Alas, Johnson had his moments, shaking Saad in the first, causing his nose to bleed in the second and giving Saad plenty to think about but Matthew turned the screws and started to make his own breakthroughs. Finally, in round 11, Johnson wilted. Perhaps he could have held on and dug in to last a 12-rounder but with the short-notice, he didn’t have 15 rounds in him.

Nine months on he fought WBA champion Spinks and was stopped in seven rounds by the best he fought.

And that was that for Vonzell. He didn’t box again. 

He was one of the many who didn’t quite make it to the mountain top, rather than one of the few who did during a thriving period for the light-heavyweights.

“In the era that I fought in, so many guys could have been world champion,” Vonzell concluded. “You had really good guys. That’s why it was taking so long to get title fights, people were trying to make sure they stayed on top but it was a real rough era. If I had been in this era or the era after the one I was in, I would have been champion of the world. If I was in a different era, I definitely would have won a belt. Anyone of those guys could have been champion at any time.”   

BEST JAB: Probably Michael Spinks.
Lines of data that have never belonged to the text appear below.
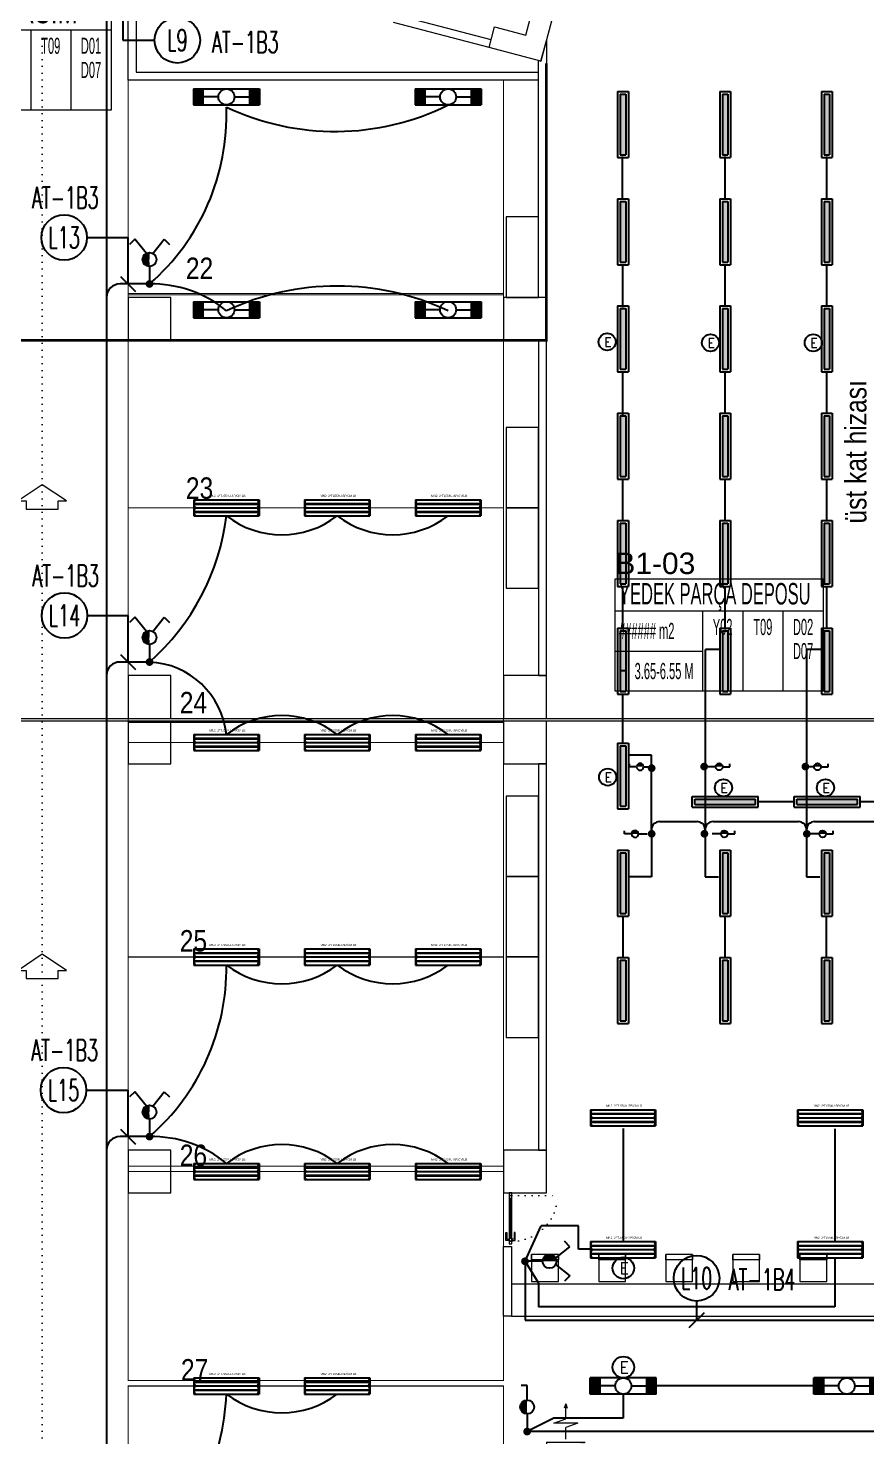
# Model space of a CAD drawing. Header units: metres. Extents: x -13316 to 152404, y -3899 to 30226.
# Drawn here: x 59094 to 60657, y 4665 to 7292 of the extents above; entities that cross this region are included whole.
import ezdxf
from ezdxf.enums import TextEntityAlignment as Align

# ---------------------------------------------------------------- set-up
doc = ezdxf.new("R2010")
doc.units = ezdxf.units.M
doc.header["$LTSCALE"] = 100
doc.header["$MEASUREMENT"] = 0
doc.header["$PDMODE"] = 1
doc.linetypes.add('DOT2', pattern=[0.125, 0, -0.125])
doc.linetypes.add('HIDDEN', pattern=[0.375, 0.25, -0.125])
doc.layers.get('0').update_dxf_attribs({"color": 9, "lineweight": 9})
for name, color, linetype, lineweight in [('00', 9, 'Continuous', 9), ('01', 9, 'Continuous', 9), ('05', 9, 'Continuous', 9), ('06B', 9, 'Continuous', 9), ('06D', 9, 'Continuous', 9), ('10', 9, 'Continuous', 9), ('15', 9, 'Continuous', 9), ('20', 9, 'DOT2', 9), ('21', 9, 'Continuous', 9), ('21_mahal200', 9, 'Continuous', 9), ('32-ekipman', 9, 'Continuous', 9), ('E-1x36 W SIVAÜSTÜ FLUORESAN ARMATÜR (ETANŞ)', 7, 'Continuous', 30), ('E-2x36 W SIVAÜSTÜ FLUORESAN ARMATÜR (ETANŞ)', 7, 'Continuous', 30), ('E-2x54 W SIVAÜSTÜ FLUORESAN YÜKSEK TAVAN ARMATÜRÜ', 7, 'Continuous', 30), ('E-ACİL AYDINLATMA KİTİ', 7, 'Continuous', 30), ('E-ANAHTAR (ETANŞ)', 7, 'Continuous', 30), ('E-KABLO', 7, 'Continuous', 30), ('E-KOMÜTATÖR ANAHTAR (ETANŞ)', 7, 'Continuous', 30), ('E-LINYE', 7, 'Continuous', 30)]:
    doc.layers.add(name, color=color, linetype=linetype, lineweight=lineweight)
doc.styles.add('Arial', font='arial.ttf', dxfattribs={"height": 2.5})
doc.styles.add('E-YAZI', font='txttw.shx')
doc.styles.add('MuuM_TEXT-STANDART', font='ARIALN.TTF')

# ---------------------------------------------------------------- blocks, each defined once
blk = doc.blocks.new('2x54 W SIVAÜSTÜ FLUORESAN YÜKSEK TAVAN ARMATÜRÜ')
at = {"layer": 'E-2x54 W SIVAÜSTÜ FLUORESAN YÜKSEK TAVAN ARMATÜRÜ', "color": 4}
for p, q in [((-60.8, 15), (-60.8, -15)), ((-60.8, 15), (60.8, 15)), ((-60, 0), (-15, 0)), ((15, 0), (60, 0)), ((60.8, 15), (60.8, 0)), ((60.8, 0), (60.8, -15)), ((-60.8, -15), (60.8, -15))]:
    blk.add_line(p, q, dxfattribs=at)
at = {"layer": 'E-2x54 W SIVAÜSTÜ FLUORESAN YÜKSEK TAVAN ARMATÜRÜ', "color": 7}
for p, q in [((-60.8, 0), (60.8, 0)), ((-59.3, 8), (59.3, 8)), ((-59.2, 7), (59.4, 7)), ((-59.3, -7), (59.3, -7)), ((-59.2, -8), (59.4, -8))]:
    blk.add_line(p, q, dxfattribs=at)
for centre in [(-59.2, 7.6), (-59.2, 7.3), (59.4, 7.6), (59.4, 7.3), (-59.2, -7.4), (-59.2, -7.7), (59.4, -7.4), (59.4, -7.7)]:
    blk.add_circle(centre, 0.11, dxfattribs=at)
for centre, radius, start, end in [((-48.7, 7.5), 12.1, 141.86, 218.14), ((-59.1, 7.5), 0.515, 106.8674, 266.7612), ((-59.3, 7.5), 0.519, 289.2244, 84.4042), ((48.7, 7.5), 12.1, 321.86, 38.14), ((59.5, 7.5), 0.515, 106.8674, 266.7612), ((59.3, 7.5), 0.519, 289.2244, 84.4042), ((-48.7, -7.5), 12.1, 141.86, 218.14), ((-59.1, -7.5), 0.515, 106.8674, 266.7612), ((-59.3, -7.5), 0.519, 289.2244, 84.4042), ((48.7, -7.5), 12.1, 321.86, 38.14), ((59.5, -7.5), 0.515, 106.8674, 266.7612), ((59.3, -7.5), 0.519, 289.2244, 84.4042)]:
    blk.add_arc(centre, radius, start, end, dxfattribs=at)
at = {"layer": 'E-2x54 W SIVAÜSTÜ FLUORESAN YÜKSEK TAVAN ARMATÜRÜ', "color": 7, "style": 'Arial'}
blk.add_text('MN2  2*TL554U-SP/CM LB', height=3.951, dxfattribs=at).set_placement((-31.6, 20.4))
blk = doc.blocks.new('100_KOMÜTATÖR ANAHTAR (ETANŞ)')
at = {"layer": 'E-KOMÜTATÖR ANAHTAR (ETANŞ)', "color": 4}
for p, q in [((-1.7, 5.22), (-2.33, 4.62)), ((-0.37, 3.56), (-1.7, 5.22)), ((0.37, 3.56), (1.7, 5.22)), ((1.7, 5.22), (2.33, 4.62)), ((0, 2.05), (0, 0))]:
    blk.add_line(p, q, dxfattribs=at)
at = {"layer": 'E-KOMÜTATÖR ANAHTAR (ETANŞ)', "color": 4, "const_width": 0.81}
blk.add_lwpolyline([(0, 3.27, 0.414214), (-0.41, 2.86, 0.414214), (0, 2.46, 0.414214)], format="xyb", dxfattribs=at)
at = {"layer": 'E-KOMÜTATÖR ANAHTAR (ETANŞ)', "color": 4}
blk.add_circle((0, 2.86), 0.81, dxfattribs=at)
blk = doc.blocks.new('100_2x36 W SIVAÜSTÜ FLUORESAN ARMATÜR (ETANŞ)')
at = {"layer": 'E-2x36 W SIVAÜSTÜ FLUORESAN ARMATÜR (ETANŞ)', "color": 4}
for p, q in [((-6.15, 1.5), (6.15, 1.5)), ((-6.15, 1.5), (-6.15, -1.5)), ((-1.5, 0), (-6.15, 0)), ((1.5, 0), (6.15, 0)), ((6.15, 1.5), (6.15, -1.5)), ((-6.15, -1.5), (6.15, -1.5))]:
    blk.add_line(p, q, dxfattribs=at)
blk.add_circle((0, 0), 1.5, dxfattribs=at)
for points in [[(-4.15, 1.5), (-4.15, -1.5), (-6.15, 1.5), (-6.15, -1.5)], [(4.15, 1.5), (4.15, -1.5), (6.15, 1.5), (6.15, -1.5)]]:
    blk.add_solid(points, dxfattribs=at)
blk = doc.blocks.new('100_ACİL AYDINLATMA KİTİ')
at = {"layer": 'E-ACİL AYDINLATMA KİTİ', "color": 3}
blk.add_circle((0, 0), 1.25, dxfattribs=at)
at = {"layer": 'E-ACİL AYDINLATMA KİTİ', "color": 3, "style": 'E-YAZI'}
blk.add_text('E', height=1.34, dxfattribs=at).set_placement((-0.45, -0.69))
blk = doc.blocks.new('E-LED ETANJ')
at = {"layer": 'E-1x36 W SIVAÜSTÜ FLUORESAN ARMATÜR (ETANŞ)'}
h = blk.add_hatch(color=4, dxfattribs=at)
h.dxf.hatch_style = 1
h.paths.add_polyline_path([(-5, 56.5), (-15, 56.5), (-15, -56.5), (-5, -56.5)])
at = {"layer": 'E-1x36 W SIVAÜSTÜ FLUORESAN ARMATÜR (ETANŞ)', "color": 4}
for p, q in [((-20, 61.5), (0, 61.5)), ((-20, 61.5), (-20, -61.5)), ((-15, 56.5), (-5, 56.5)), ((-15, 56.5), (-15, -56.5)), ((-5, 56.5), (-5, -56.5)), ((0, 61.5), (0, -61.5)), ((-20, -61.5), (0, -61.5)), ((-15, -56.5), (-5, -56.5))]:
    blk.add_line(p, q, dxfattribs=at)
at = {"layer": 'E-1x36 W SIVAÜSTÜ FLUORESAN ARMATÜR (ETANŞ)'}
blk.add_line((0, 61.5), (0, 61.5), dxfattribs=at)
blk = doc.blocks.new('100_ANAHTAR (ETANŞ)')
at = {"layer": 'E-ANAHTAR (ETANŞ)', "color": 4}
for p, q in [((0, 5.35), (-0.71, 5.35)), ((0, 3.67), (0, 5.35)), ((0, 2.05), (0, 0))]:
    blk.add_line(p, q, dxfattribs=at)
at = {"layer": 'E-ANAHTAR (ETANŞ)', "color": 4, "const_width": 0.81}
blk.add_lwpolyline([(0, 3.27, 0.414214), (-0.41, 2.86, 0.414214), (0, 2.46, 0.414214)], format="xyb", dxfattribs=at)
at = {"layer": 'E-ANAHTAR (ETANŞ)', "color": 4}
blk.add_circle((0, 2.86), 0.81, dxfattribs=at)
blk = doc.blocks.new('p-kolon_80x80')
blk.add_lwpolyline([(-40, -40), (40, -40), (40, 40), (-40, 40)], close=True)
blk = doc.blocks.new('1.bod.mimari.elk')
at = {"layer": '01'}
for points in [[(3643.2, -1655.6), (3701.4, -1670.8), (3819, -1227.3), (3857.7, -1237.5), (3729.8, -1719.6), (3633.1, -1694.3)], [(3633.1, -1694.3), (3643.2, -1655.6)]]:
    blk.add_lwpolyline(points, dxfattribs=at)
for p in [(3000, -2200), (3700, -2200), (3000, -2905), (3700, -2905), (3000, -2990), (3700, -2990), (3000, -3790), (3700, -3790)]:
    blk.add_blockref('p-kolon_80x80', p, dxfattribs=at)
blk = doc.blocks.new('p-işyeri')
at = {"color": 0, "const_width": 2}
blk.add_lwpolyline([(200, 0), (200, 700), (-200, 700), (-200, 0)], close=True, dxfattribs=at)
blk = doc.blocks.new('p-dilatasyon yeri')
at = {"layer": '06D'}
for points in [[(0, 5685), (5355, 5685)], [(5355, 5680), (0, 5680)]]:
    blk.add_lwpolyline(points, dxfattribs=at)
blk = doc.blocks.new('p-birim')
blk.add_lwpolyline([(0, 0), (1, 0), (1, 1), (0, 1)], close=True)
blk = doc.blocks.new('YD-72-20')
at = {"linetype": 'Continuous'}
for p, q in [((0, 0.714), (-0.028, 0.634)), ((0, 0.714), (0.028, 0.634)), ((0, 0.434), (0, 0.714)), ((-0.225, 0.355), (0.225, 0.355)), ((-0.225, 0.355), (0, 0.276)), ((0.225, 0.355), (0, 0.434)), ((0, 0.058), (0, 0.276)), ((0.36, 0), (-0.36, 0)), ((0.36, 0), (0.36, -0.2))]:
    blk.add_line(p, q, dxfattribs=at)
blk.add_solid([(0.36, -0.2), (-0.36, 0), (-0.36, -0.2)])
blk = doc.blocks.new('b1 yan.dol')
at = {"xscale": -100, "yscale": 100, "zscale": 100}
blk.add_blockref('YD-72-20', (59776, -15176.4), dxfattribs=at)
blk = doc.blocks.new('0_arrow1')
at = {"linetype": 'ByBlock', "lineweight": -2}
blk.add_lwpolyline([(15, -22.5), (-15, -22.5), (-15, -15), (-22.5, -15), (0, 0), (22.5, -15), (15, -15)], close=True, dxfattribs=at)
blk.add_point((0, 0))
blk = doc.blocks.new('p-sandalye-03')
for points in [[(-5, -25.1), (-5, 24.9), (-55, 24.9), (-55, -25.1), (-5, -25.1)], [(-55, 24.9), (-45, 24.9), (-45, -25.1), (-55, -25.1)]]:
    blk.add_lwpolyline(points)
blk.add_point((0, -0.1))
blk = doc.blocks.new('p-al-01')
at = {"layer": '06B'}
for points in [[(27, 4.3), (27, 10.6), (42, 10.6), (42, 8.7), (29.3, 8.7), (29.3, 8.7), (29.3, 4.3), (27, 4.3)], [(27, -0.7), (27, -6.9), (42, -6.9), (42, -5), (29.3, -5), (29.3, -5), (29.3, -0.7), (27, -0.7)]]:
    blk.add_lwpolyline(points, dxfattribs=at)
at = {"layer": '06D'}
for p, q in [((115.7, 4.3), (28.8, 4.3)), ((28.8, -0.7), (115.7, -0.7))]:
    blk.add_line(p, q, dxfattribs=at)
at = {"layer": '10'}
for points in [[(25.7, -0.7), (25.7, 4.3), (20.7, 4.3), (20.7, -0.7)], [(30.7, -0.7), (30.7, 4.3), (25.7, 4.3), (25.7, -0.7)], [(110.7, -0.7), (110.7, 4.3), (105.7, 4.3), (105.7, -0.7)], [(115.7, -0.7), (115.7, 4.3), (110.7, 4.3), (110.7, -0.7)]]:
    blk.add_lwpolyline(points, close=True, dxfattribs=at)
at = {"layer": '15'}
blk.add_lwpolyline([(105.7, 1.8), (30.7, 1.8)], dxfattribs=at)
at = {"layer": '20'}
blk.add_lwpolyline([(110.7, -0.7), (110.7, -85.7)], dxfattribs=at)
blk.add_arc((110.7, -0.7), 85, 180, 270, dxfattribs=at)
blk = doc.blocks.new('0_roomno2')
blk.add_lwpolyline([(19.38, -10.5), (0, -10.5), (0, 0), (19.38, 0)], close=True)
for points in [[(0, -3), (19.38, -3)], [(8.12, -3), (8.12, -10.5)], [(11.88, -3), (11.88, -10.5)], [(15.62, -3), (15.62, -10.5)], [(0, -6.75), (8.12, -6.75)]]:
    blk.add_lwpolyline(points)
at = {"style": 'MuuM_TEXT-STANDART', "width": 0.6}
blk.add_text('H:', height=1.5, dxfattribs=at).set_placement((0.35, -8.61), align=Align.MIDDLE_LEFT)
at = {"style": 'Arial'}
blk.add_attdef('ODANO', (0, 1.17), '', height=2, dxfattribs=at)
blk.add_attdef('MEKANADI', text='', height=2, dxfattribs=at).set_placement((0.35, -3), align=Align.BOTTOM_LEFT)
at = {"style": 'MuuM_TEXT-STANDART', "width": 0.6}
for tag, p in [('YER01', (10, -4.5)), ('TAVAN01', (13.75, -4.5)), ('DUVAR01', (17.5, -4.5)), ('YER02', (10, -6.75)), ('TAVAN02', (13.75, -6.75)), ('DUVAR02', (17.5, -6.75)), ('YER03', (10, -9)), ('TAVAN03', (13.75, -9)), ('DUVAR03', (17.5, -9))]:
    blk.add_attdef(tag, text='', height=1.5, dxfattribs=at).set_placement(p, align=Align.MIDDLE_CENTER)
for tag, p in [('M2', (0.35, -4.88)), ('TEMIZTAVANYUKSEKLIGI', (1.8, -8.61))]:
    blk.add_attdef(tag, text='', height=1.5, dxfattribs=at).set_placement(p, align=Align.MIDDLE_LEFT)
blk = doc.blocks.new('1.bod.mimari1.elk')
at = {"layer": '00'}
for p, q in [((3740, -3030), (3725, -3030)), ((3725, -3030), (3725, -3750)), ((3740, -3575), (3740, -3030)), ((3740, -3750), (3740, -3575)), ((3725, -3750), (3740, -3750))]:
    blk.add_line(p, q, dxfattribs=at)
for points in [[(3725, -1755), (2960, -1755), (2960, -1560)], [(2975, -1560), (2975, -1740), (3725, -1740)], [(3633.07, -1694.3), (3454.79, -1647.67)], [(3636.87, -1679.79), (3458.59, -1633.16)], [(3725, -1718.35), (3725, -1718.35), (3725, -1718.35), (3729.82, -1719.61), (3740, -1681.22), (3740, -2160), (3725, -2160), (3725, -1718.35), (3725, -1718.35)]]:
    blk.add_lwpolyline(points, dxfattribs=at)
for points in [[(3725, -2240), (3725, -2865), (3740, -2865), (3740, -2240)], [(3675, -3930), (3675, -4060), (3660, -4060), (3660, -3930)]]:
    blk.add_lwpolyline(points, close=True, dxfattribs=at)
at = {"layer": '06D', "linetype": 'DOT2'}
blk.add_lwpolyline([(2800, -1678.64), (2800, -7740, 0.4142136), (3100, -8040), (11395.6, -8040)], format="xyb", dxfattribs=at)
blk.add_arc((2300, -4550), 500, 0, 90, dxfattribs=at)
at = {"layer": '20', "ltscale": 2, "const_width": 5}
blk.add_lwpolyline([(860, -7830), (1640, -7830), (1640, -4630), (1640, -4630), (1640, -3830), (1640, -3830), (1640, -2240), (3740, -2240), (3740, -1723.58)], dxfattribs=at)
blk.add_blockref('p-dilatasyon yeri', (0, -8630))
at = {"rotation": 90.00000000000001}
blk.add_blockref('p-al-01', (3674.6, -3945.67), dxfattribs=at)
at = {"layer": '05', "xscale": 60.00000000000003, "yscale": 150}
for p in [(3665, -2160), (3665, -2552.5), (3665, -2702.5), (3665, -3240), (3665, -3390), (3665, -3540)]:
    blk.add_blockref('p-birim', p, dxfattribs=at)
at = {"layer": '05', "rotation": 270}
for p in [(3737.5, -4000), (3862.5, -4000), (3987.5, -4000), (4112.5, -4000), (4237.5, -4000)]:
    blk.add_blockref('p-sandalye-03', p, dxfattribs=at)
at = {"layer": '05', "xscale": 60, "yscale": 750, "rotation": 90}
blk.add_blockref('p-birim', (4425, -4060), dxfattribs=at)
at = {"layer": '06D', "color": 89, "linetype": 'HIDDEN', "true_color": 0x2e4d23, "rotation": 90}
for p in [(3660, -1955), (3660, -2352.5), (3660, -2752.5), (3660, -3190), (3660, -3590), (3660, -3980), (3660, -4390)]:
    blk.add_blockref('p-işyeri', p, dxfattribs=at)
at = {"layer": '06D', "xscale": -2, "yscale": 2, "zscale": 2}
for p in [(2800, -2509.68), (2800, -3385)]:
    blk.add_blockref('0_arrow1', p, dxfattribs=at)
at = {"layer": '21_mahal200'}
ref = blk.add_blockref('0_roomno2', (2540.94, -1600.8), dxfattribs=dict(at, xscale=20, yscale=20, zscale=20))
ref.add_attrib('ODANO', 'B1-02', (2540.94, -1592.16), dxfattribs={"layer": '0', "height": 40, "style": 'Arial'})
ref.add_attrib('MEKANADI', 'TEKNİK HACİM', dxfattribs={"layer": '0', "height": 40, "style": 'Arial', "width": 0.8}).set_placement((2547.94, -1660.8), align=Align.BOTTOM_LEFT)
ref.add_attrib('M2', '##### m2', dxfattribs={"layer": '0', "height": 30, "style": 'MuuM_TEXT-STANDART', "width": 0.6}).set_placement((2547.94, -1698.3), align=Align.MIDDLE_LEFT)
ref.add_attrib('TEMIZTAVANYUKSEKLIGI', '2.90 M', dxfattribs={"layer": '0', "height": 30, "style": 'MuuM_TEXT-STANDART', "width": 0.6}).set_placement((2576.94, -1772.96), align=Align.MIDDLE_LEFT)
ref.add_attrib('YER01', 'Y04', dxfattribs={"layer": '0', "height": 30, "style": 'MuuM_TEXT-STANDART', "width": 0.6}).set_placement((2740.94, -1690.8), align=Align.MIDDLE_CENTER)
ref.add_attrib('TAVAN01', 'T09', dxfattribs={"layer": '0', "height": 30, "style": 'MuuM_TEXT-STANDART', "width": 0.6}).set_placement((2815.94, -1690.8), align=Align.MIDDLE_CENTER)
ref.add_attrib('DUVAR01', 'D01', dxfattribs={"layer": '0', "height": 30, "style": 'MuuM_TEXT-STANDART', "width": 0.6}).set_placement((2890.94, -1690.8), align=Align.MIDDLE_CENTER)
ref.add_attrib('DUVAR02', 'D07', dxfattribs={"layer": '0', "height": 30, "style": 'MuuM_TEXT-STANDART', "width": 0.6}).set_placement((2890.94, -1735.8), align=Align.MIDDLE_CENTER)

He used it more than most of the opponents I fought. I had a real good jab and I used mine a lot, but out of all the guys I fought, he used his jab more. I was tall with a long reach so not many guys could outjab me.

BEST DEFENSE: It’s probably the same. Probably Michael. He wasn’t that easy to hit, he was kind of tall, too, and he had an awkward style.

BEST HANDSPEED: I don’t know. I was pretty quick. I was hard to hit, so it’s hard to say who had the best handspeed.

BEST FOOTWORK: I would say probably Yaqui Lopez. Yaqui was experienced, he was tall and could box a little bit [this fight isn’t listed on BoxRec].

SMARTEST FIGHTER: Yes, that would be Spinks, too.

STRONGEST: There was a bunch of them, but Matthew probably. He was the strongest and most durable. He got stronger as the fight went on, that was his forte, being durable.

BEST CHIN: Definitely Matthew because I hit him with a lot of punches. I hit him with some shots that would have stopped other guys. I almost had him in the first or second round, I hit him with a hook that shook him, but he was durable.

BEST PUNCHER: Probably it was Michael. Matthew could punch too, but Mike had a sneaky kind of power in his punches and a sneaky right hand.

BEST BOXER: John Conteh, from England. I fought him in the amateurs at the Ohio State Fair. He was a straight up boxer and he had some nice boxing moves, he could move well.

BEST OVERALL: Spinks, he was tall and awkward, he was clever though and he had that awkward style about him.